Beyond explaining the experimental findings, our simulation model also enables us to investigate MPP dynamics at timescales inaccessible to intravital microscopy experiments. The curve is the result of simulating 51 trajectories, one for each average run-time calculated from the trajectory data, for 30000 minutes, and the average taken using a maximum lag-time of 1500 minutes, an order of magnitude greater than the empirical data. We can infer by inspection of this result that the transition to Fickian diffusion takes place at around the 100-200 minute mark. If we refer to the most exploratory cell in 2(a) we can then infer an approximate upper limit to the spatial region covered by the persistent motion to be at least 100*µm* or around 20 cell diameters in length.

## BIOLOGICAL IMPLICATIONS OF OUR RESULTS

We have demonstrated that the haematopoietic multi-potent progenitor cells display transient super-diffusion which can be explained by a run-and-tumble model incorporating one necessary and sufficient feature: heterogeneity between cell tracks.

Our results did not show any evidence to suggest that the transient super-diffusion observed in the MPP trajectory data could be attributed to heavy-tailed run length distributions, precluding a Levy Walk style model. Instead, incorporation of heterogeneity in run-length, turn-angle, and run-time sufficiently re-capitulated the experimental TAMSD.
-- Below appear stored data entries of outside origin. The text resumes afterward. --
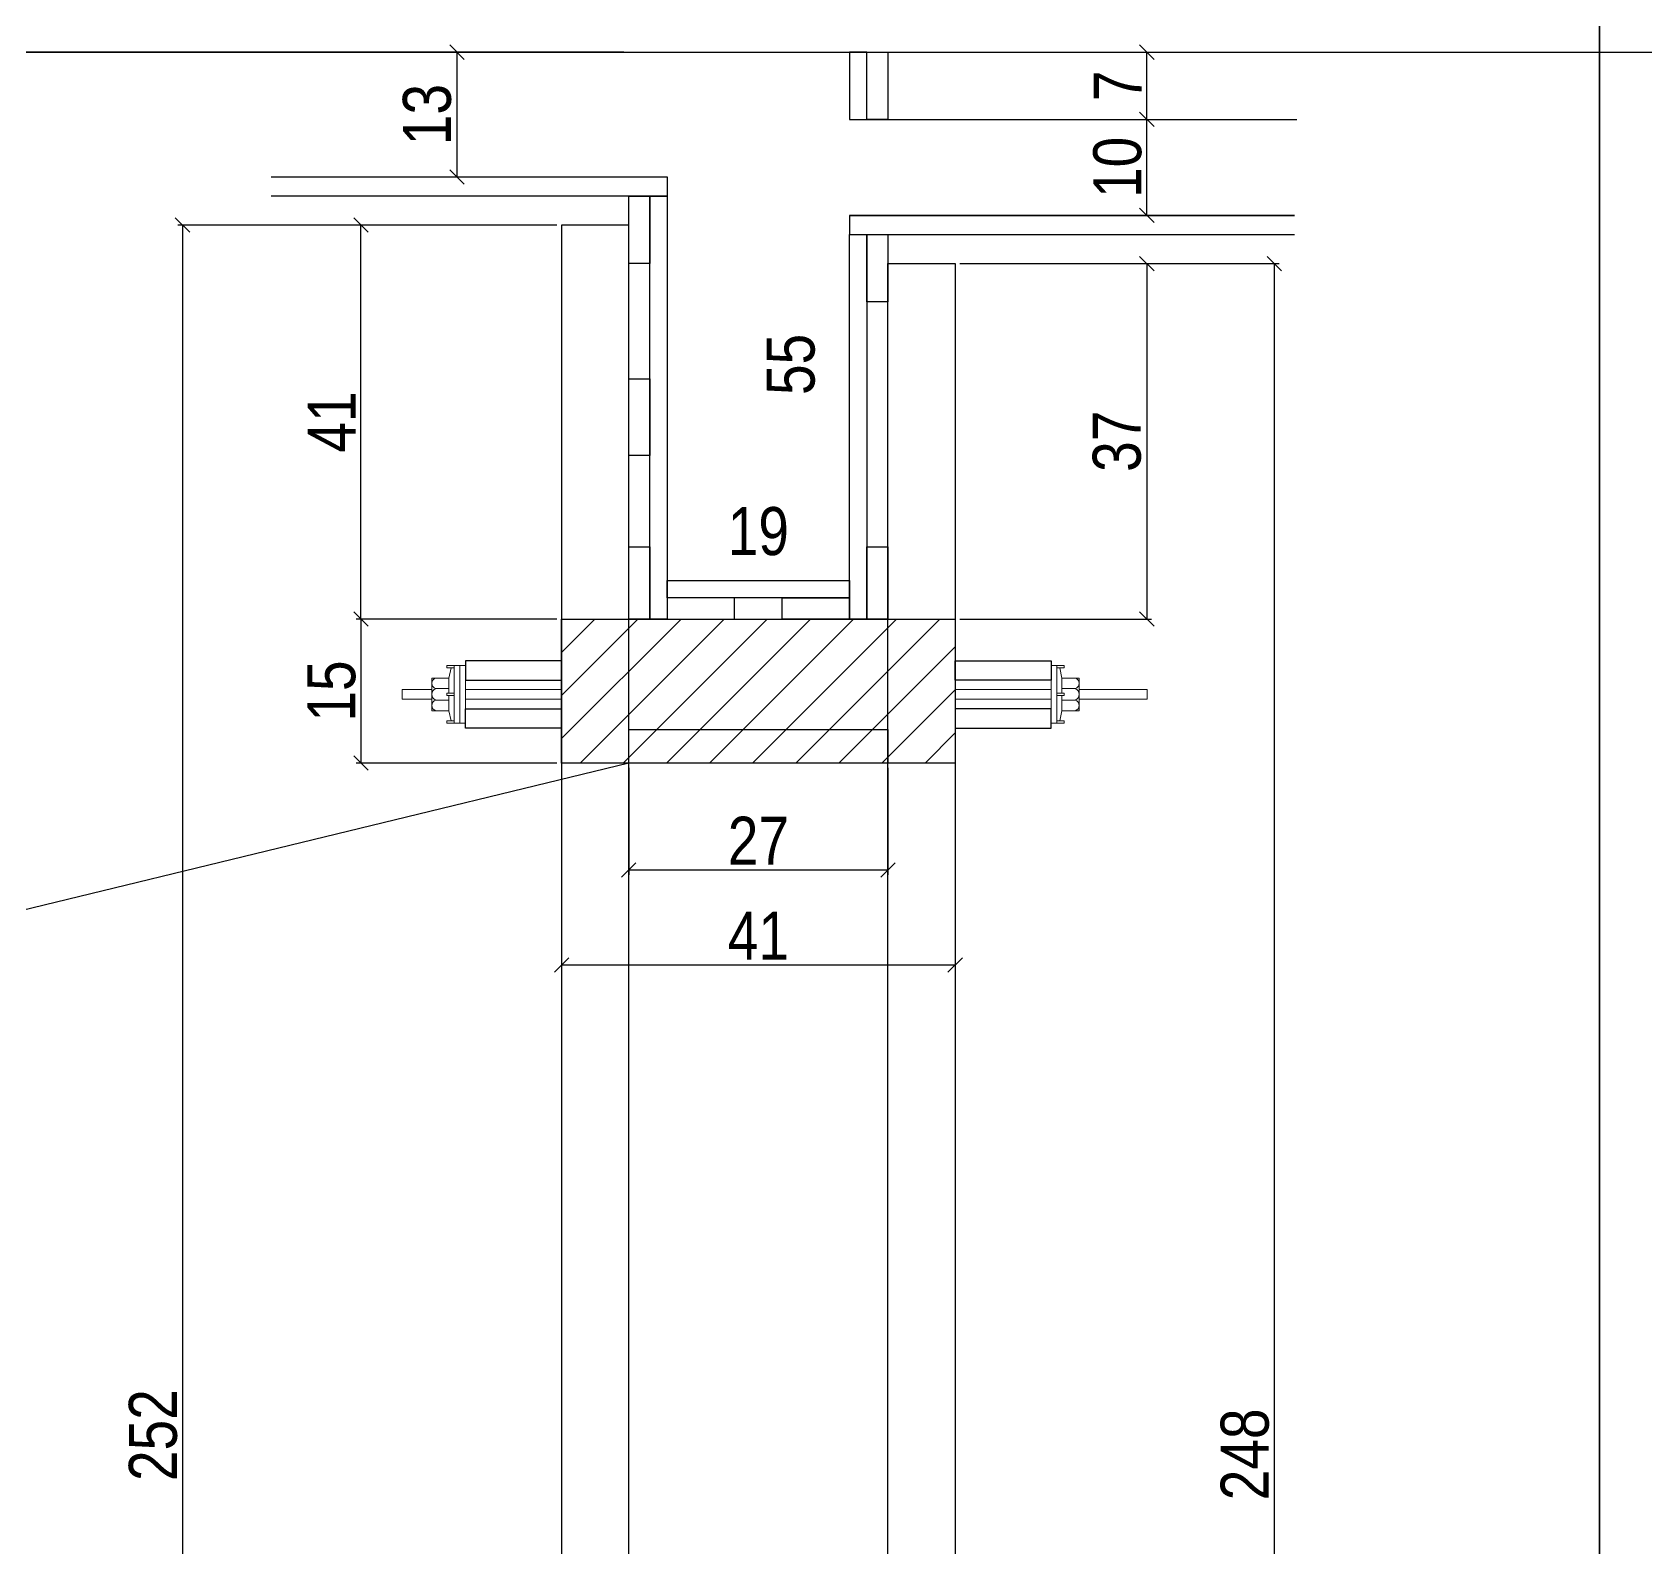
# Model space of a CAD drawing. Header units: millimetres. Extents: x 4248 to 7961, y 1155 to 5765.
# Drawn here: x 5419.6 to 5755.7, y 3849.5 to 4165 of the extents above; entities that cross this region are included whole.
import ezdxf

# ---------------------------------------------------------------- set-up
doc = ezdxf.new("R2010")
doc.units = ezdxf.units.MM
for name, color, linetype in [('1', 1, 'Continuous'), ('COTA', 241, 'Continuous'), ('GARFOS OK', 3, 'Continuous'), ('Painéis', 200, 'Continuous'), ('Resinado', 41, 'Continuous'), ('SARR_7x7', 40, 'Continuous'), ('TIRAS REESCORAMENTO', 252, 'Continuous'), ('VIGAS', 3, 'Continuous')]:
    doc.layers.add(name, color=color, linetype=linetype)
doc.layers.add('BARRA_ANCORAGEM', color=1, linetype='Continuous', lineweight=15)
doc.styles.add('COTA TECNICA 2X', font='techl___.ttf', dxfattribs={"height": 10})
doc.dimstyles.new('SECAO', dxfattribs={"dimscale": 0.333333, "dimtxt": 5, "dimasz": 9, "dimexe": 3, "dimexo": 3, "dimgap": 3, "dimtad": 1, "dimdec": 1, "dimlfac": 0.5, "dimzin": 12, "dimdsep": 46, "dimtxsty": 'COTA TECNICA 2X', "dimblk1": 'OBLIQUE', "dimblk2": 'OBLIQUE', "dimsah": 1, "dimcen": 0.9, "dimclrd": 4, "dimclre": 4, "dimclrt": 240, "dimadec": 1, "dimazin": 3, "dimtfac": 1, "dimtdec": 1, "dimtmove": 0, "dimatfit": 3, "dimfxl": 1, "dimtolj": 1, "dimtzin": 12, "dimarcsym": 0})

# ---------------------------------------------------------------- blocks, each defined once
blk = doc.blocks.new('_Oblique')
at = {"layer": '1', "color": 0, "lineweight": -2}
blk.add_line((-0.5, -0.5), (0.5, 0.5), dxfattribs=at)
blk = doc.blocks.new('*D74')
at = {"layer": 'COTA', "color": 4, "lineweight": -2, "transparency": 16777216}
for p, q in [((5528.86, 4124.91), (5449.9, 4124.91)), ((5450.9, 4124.91), (5450.9, 3620.91)), ((5528.86, 3620.91), (5449.9, 3620.91))]:
    blk.add_line(p, q, dxfattribs=at)
at = {"layer": 'Defpoints', "color": 0, "transparency": 16777216}
for p in [(5529.86, 4124.91), (5450.9, 3620.91), (5529.86, 3620.91)]:
    blk.add_point(p, dxfattribs=at)
at = {"layer": 'COTA', "color": 4, "lineweight": -2, "transparency": 16777216, "xscale": 3, "yscale": 3, "zscale": 3}
for p, rotation in [((5450.9, 4124.91), 90), ((5450.9, 3620.91), 270)]:
    blk.add_blockref('_Oblique', p, dxfattribs=dict(at, rotation=rotation))
at = {"layer": 'COTA', "color": 240, "transparency": 16777216, "insert": (5444.79, 3872.91), "char_height": 10, "attachment_point": 5, "rotation": 90, "style": 'COTA TECNICA 2X'}
blk.add_mtext('\\A1;252', dxfattribs=at)
blk = doc.blocks.new('*D80')
at = {"layer": 'COTA', "color": 4, "lineweight": -2, "transparency": 16777216}
for p, q in [((5528.86, 4124.91), (5487.06, 4124.91)), ((5488.06, 4042.86), (5488.06, 4124.91)), ((5528.86, 4042.86), (5487.06, 4042.86))]:
    blk.add_line(p, q, dxfattribs=at)
at = {"layer": 'Defpoints', "color": 0, "transparency": 16777216}
for p in [(5488.06, 4124.91), (5529.86, 4124.91), (5529.86, 4042.86)]:
    blk.add_point(p, dxfattribs=at)
at = {"layer": 'COTA', "color": 4, "lineweight": -2, "transparency": 16777216, "xscale": 3, "yscale": 3, "zscale": 3}
for p, rotation in [((5488.06, 4124.91), 90), ((5488.06, 4042.86), 270)]:
    blk.add_blockref('_Oblique', p, dxfattribs=dict(at, rotation=rotation))
at = {"layer": 'COTA', "color": 240, "transparency": 16777216, "insert": (5481.99, 4083.88), "char_height": 10, "attachment_point": 5, "rotation": 90, "style": 'COTA TECNICA 2X'}
blk.add_mtext('\\A1;41', dxfattribs=at)
blk = doc.blocks.new('*D81')
at = {"layer": 'COTA', "color": 4, "lineweight": -2, "transparency": 16777216}
for p, q in [((5612.86, 4116.88), (5652.79, 4116.88)), ((5651.79, 4116.88), (5651.79, 4042.86)), ((5612.86, 4042.86), (5652.79, 4042.86))]:
    blk.add_line(p, q, dxfattribs=at)
at = {"layer": 'Defpoints', "color": 0, "transparency": 16777216}
for p in [(5611.86, 4116.88), (5611.86, 4042.86), (5651.79, 4042.86)]:
    blk.add_point(p, dxfattribs=at)
at = {"layer": 'COTA', "color": 4, "lineweight": -2, "transparency": 16777216, "xscale": 3, "yscale": 3, "zscale": 3}
for p, rotation in [((5651.79, 4116.88), 90), ((5651.79, 4042.86), 270)]:
    blk.add_blockref('_Oblique', p, dxfattribs=dict(at, rotation=rotation))
at = {"layer": 'COTA', "color": 240, "transparency": 16777216, "insert": (5645.58, 4079.87), "char_height": 10, "attachment_point": 5, "rotation": 90, "style": 'COTA TECNICA 2X'}
blk.add_mtext('\\A1;37', dxfattribs=at)
blk = doc.blocks.new('*D82')
at = {"layer": 'COTA', "color": 4, "lineweight": -2, "transparency": 16777216}
for p, q in [((5542.86, 4160.91), (5406.4, 4160.91)), ((5407.4, 4160.91), (5407.4, 3514.91)), ((5528.86, 3514.91), (5406.4, 3514.91))]:
    blk.add_line(p, q, dxfattribs=at)
at = {"layer": 'Defpoints', "color": 0, "transparency": 16777216}
for p in [(5543.86, 4160.91), (5407.4, 3514.91), (5529.86, 3514.91)]:
    blk.add_point(p, dxfattribs=at)
at = {"layer": 'COTA', "color": 4, "lineweight": -2, "transparency": 16777216, "xscale": 3, "yscale": 3, "zscale": 3}
for p, rotation in [((5407.4, 4160.91), 90), ((5407.4, 3514.91), 270)]:
    blk.add_blockref('_Oblique', p, dxfattribs=dict(at, rotation=rotation))
at = {"layer": 'COTA', "color": 240, "transparency": 16777216, "insert": (5401.18, 3837.91), "char_height": 10, "attachment_point": 5, "rotation": 90, "style": 'COTA TECNICA 2X'}
blk.add_mtext('\\A1;323', dxfattribs=at)
blk = doc.blocks.new('*D84')
at = {"layer": 'Defpoints', "color": 0, "transparency": 16777216}
for p in [(5576.9, 4160.91), (5583.75, 4160.91), (5576.9, 4050.86)]:
    blk.add_point(p, dxfattribs=at)
at = {"layer": 'COTA', "color": 240, "transparency": 16777216, "insert": (5577.64, 4095.88), "char_height": 10, "attachment_point": 5, "rotation": 90, "style": 'COTA TECNICA 2X'}
blk.add_mtext('\\A1;55', dxfattribs=at)
blk = doc.blocks.new('*D85')
at = {"layer": 'Defpoints', "color": 0, "transparency": 16777216}
for p in [(5551.86, 4055.01), (5589.86, 4055.01), (5589.86, 4055.01)]:
    blk.add_point(p, dxfattribs=at)
at = {"layer": 'COTA', "color": 240, "transparency": 16777216, "insert": (5570.86, 4061.1), "char_height": 10, "attachment_point": 5, "style": 'COTA TECNICA 2X'}
blk.add_mtext('\\A1;19', dxfattribs=at)
blk = doc.blocks.new('*D87')
at = {"layer": 'COTA', "color": 4, "lineweight": -2, "transparency": 16777216}
for p, q in [((5639.46, 4146.91), (5652.79, 4146.91)), ((5651.79, 4126.91), (5651.79, 4146.91)), ((5639.46, 4126.91), (5652.79, 4126.91))]:
    blk.add_line(p, q, dxfattribs=at)
at = {"layer": 'Defpoints', "color": 0, "transparency": 16777216}
for p in [(5638.46, 4146.91), (5651.79, 4146.91), (5638.46, 4126.91)]:
    blk.add_point(p, dxfattribs=at)
at = {"layer": 'COTA', "color": 4, "lineweight": -2, "transparency": 16777216, "xscale": 3, "yscale": 3, "zscale": 3}
for p, rotation in [((5651.79, 4146.91), 90), ((5651.79, 4126.91), 270)]:
    blk.add_blockref('_Oblique', p, dxfattribs=dict(at, rotation=rotation))
at = {"layer": 'COTA', "color": 240, "transparency": 16777216, "insert": (5645.69, 4136.91), "char_height": 10, "attachment_point": 5, "rotation": 90, "style": 'COTA TECNICA 2X'}
blk.add_mtext('\\A1;10', dxfattribs=at)
blk = doc.blocks.new('*D88')
at = {"layer": 'COTA', "color": 4, "lineweight": -2, "transparency": 16777216}
for p, q in [((5613.86, 4116.88), (5679.34, 4116.88)), ((5678.34, 4116.88), (5678.34, 3620.91)), ((5613.86, 3620.91), (5679.34, 3620.91))]:
    blk.add_line(p, q, dxfattribs=at)
at = {"layer": 'Defpoints', "color": 0, "transparency": 16777216}
for p in [(5612.86, 4116.88), (5612.86, 3620.91), (5678.34, 3620.91)]:
    blk.add_point(p, dxfattribs=at)
at = {"layer": 'COTA', "color": 4, "lineweight": -2, "transparency": 16777216, "xscale": 3, "yscale": 3, "zscale": 3}
for p, rotation in [((5678.34, 4116.88), 90), ((5678.34, 3620.91), 270)]:
    blk.add_blockref('_Oblique', p, dxfattribs=dict(at, rotation=rotation))
at = {"layer": 'COTA', "color": 240, "transparency": 16777216, "insert": (5672.24, 3868.9), "char_height": 10, "attachment_point": 5, "rotation": 90, "style": 'COTA TECNICA 2X'}
blk.add_mtext('\\A1;248', dxfattribs=at)
blk = doc.blocks.new('*D7')
at = {"layer": 'COTA', "color": 4, "lineweight": -2, "transparency": 16777216}
for p, q in [((5508.09, 4134.91), (5508.09, 4160.91)), ((5509.09, 4160.91), (5509.09, 4160.91)), ((5509.09, 4134.91), (5509.09, 4134.91))]:
    blk.add_line(p, q, dxfattribs=at)
at = {"layer": 'Defpoints', "color": 0, "transparency": 16777216}
for p in [(5508.09, 4160.91), (5508.09, 4160.91), (5508.09, 4134.91)]:
    blk.add_point(p, dxfattribs=at)
at = {"layer": 'COTA', "color": 4, "lineweight": -2, "transparency": 16777216, "xscale": 3, "yscale": 3, "zscale": 3}
for p, rotation in [((5508.09, 4160.91), 90), ((5508.09, 4134.91), 270)]:
    blk.add_blockref('_Oblique', p, dxfattribs=dict(at, rotation=rotation))
at = {"layer": 'COTA', "color": 240, "transparency": 16777216, "insert": (5501.87, 4147.91), "char_height": 10, "attachment_point": 5, "rotation": 90, "style": 'COTA TECNICA 2X'}
blk.add_mtext('\\A1;13', dxfattribs=at)
blk = doc.blocks.new('A$C51C4441F')
at = {"layer": 'BARRA_ANCORAGEM'}
for p, q in [((-2.25, 3.4), (-5.81, 3.39)), ((-5.81, 3.39), (-5.81, -3.39)), ((-2.25, 3.4), (-1.79, 5.5)), ((-2.25, 3.4), (-2.25, 3.4)), ((-2.25, 3.4), (-2.25, 0.25)), ((-2.25, 1.2), (-5.02, 1.2)), ((-2.25, -1.2), (-5.02, -1.2)), ((-2.25, -0.25), (-2.25, -3.4)), ((-2.25, -3.4), (-5.81, -3.39)), ((-2.25, -3.4), (-1.79, -5.5))]:
    blk.add_line(p, q, dxfattribs=at)
for points in [[(-2.7, 6), (-1.2, 6), (-1.2, 5.5), (-2.7, 5.5)], [(-1.2, -6), (0, -6), (0, 6), (-1.2, 6)], [(-2.7, 0.25), (-1.2, 0.25), (-1.2, -0.25), (-2.7, -0.25)], [(-2.7, -6), (-1.2, -6), (-1.2, -5.5), (-2.7, -5.5)]]:
    blk.add_lwpolyline(points, close=True, dxfattribs=at)
for centre, radius, start, end in [((-4.66, 2.3), 1.15, 107.7845, 252.2718), ((-4.52, 0), 1.3, 112.648, 247.4083), ((-4.66, -2.3), 1.15, 107.7845, 252.2718)]:
    blk.add_arc(centre, radius, start, end, dxfattribs=at)
blk = doc.blocks.new('*D432')
at = {"layer": 'COTA', "color": 4, "lineweight": -2, "transparency": 16777216}
for p, q in [((5528.86, 4042.86), (5487.06, 4042.86)), ((5488.06, 4042.86), (5488.06, 4012.86)), ((5528.86, 4012.86), (5487.06, 4012.86))]:
    blk.add_line(p, q, dxfattribs=at)
at = {"layer": 'Defpoints', "color": 0, "transparency": 16777216}
for p in [(5529.86, 4042.86), (5488.06, 4012.86), (5529.86, 4012.86)]:
    blk.add_point(p, dxfattribs=at)
at = {"layer": 'COTA', "color": 4, "lineweight": -2, "transparency": 16777216, "xscale": 3, "yscale": 3, "zscale": 3}
for p, rotation in [((5488.06, 4042.86), 90), ((5488.06, 4012.86), 270)]:
    blk.add_blockref('_Oblique', p, dxfattribs=dict(at, rotation=rotation))
at = {"layer": 'COTA', "color": 240, "transparency": 16777216, "insert": (5481.95, 4027.86), "char_height": 10, "attachment_point": 5, "rotation": 90, "style": 'COTA TECNICA 2X'}
blk.add_mtext('\\A1;15', dxfattribs=at)
blk = doc.blocks.new('*D433')
at = {"layer": 'COTA', "color": 4, "lineweight": -2, "transparency": 16777216}
for p, q in [((5543.86, 4011.86), (5543.86, 3989.62)), ((5597.86, 4011.86), (5597.86, 3989.62)), ((5543.86, 3990.62), (5597.86, 3990.62))]:
    blk.add_line(p, q, dxfattribs=at)
at = {"layer": 'Defpoints', "color": 0, "transparency": 16777216}
for p in [(5543.86, 4012.86), (5597.86, 4012.86), (5597.86, 3990.62)]:
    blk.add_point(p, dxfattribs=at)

Our model-facilitated extrapolation point to an upper limit on the range of influence of the directed motion of MPPs within the bone marrow cavity of irradiated murine calvaria. We infer this limit from the cross-over to Fickian diffusion of the simulated TAMSD. The high value of the upper limit is surprising in part because it spans several multiples of cell diameter, suggesting that persistent motion may play a significant role in determining the bio-physical properties of early stage bone marrow tissue regeneration. A key concept within haematopoietic stem cell biology is that of a niche, a distinct anatomical compartment within the bone marrow whose cellular constituents directly regulate cell fate. Whilst our study makes no direct connection between the bone marrow micro-environment and MPP motility, it is reasonable to suggest that the persistent motility observed may serve as a stochastic mechanism through which progenitor cells are able to re-locate to regions within close proximity to potential niches.

The heterogeneity present within the cell motion is notable, and in line with the phenotypic and functional heterogeneity observed in the biological literature [36] - there is significant variation in the average run-time and turn-angle for each cell, evidently giving rise to a spectrum of diffusivities. This may be attributable to differing transcriptional states in the genes associated with motility present within the population of cells.

In summary, we have employed a data-driven RTM to explain the non-Gaussian, super-diffusive dynamics of MPP observed in long time-course 3D *in-vivo* imaging experiments on irradiated murine bone marrow, and used our model to quantify the temporal and spatial ranges in which these anomalous features are present. Interesting future directions will be to connect these anomalous dynamics to bone marrow regeneration, niche organization, and homeostasis.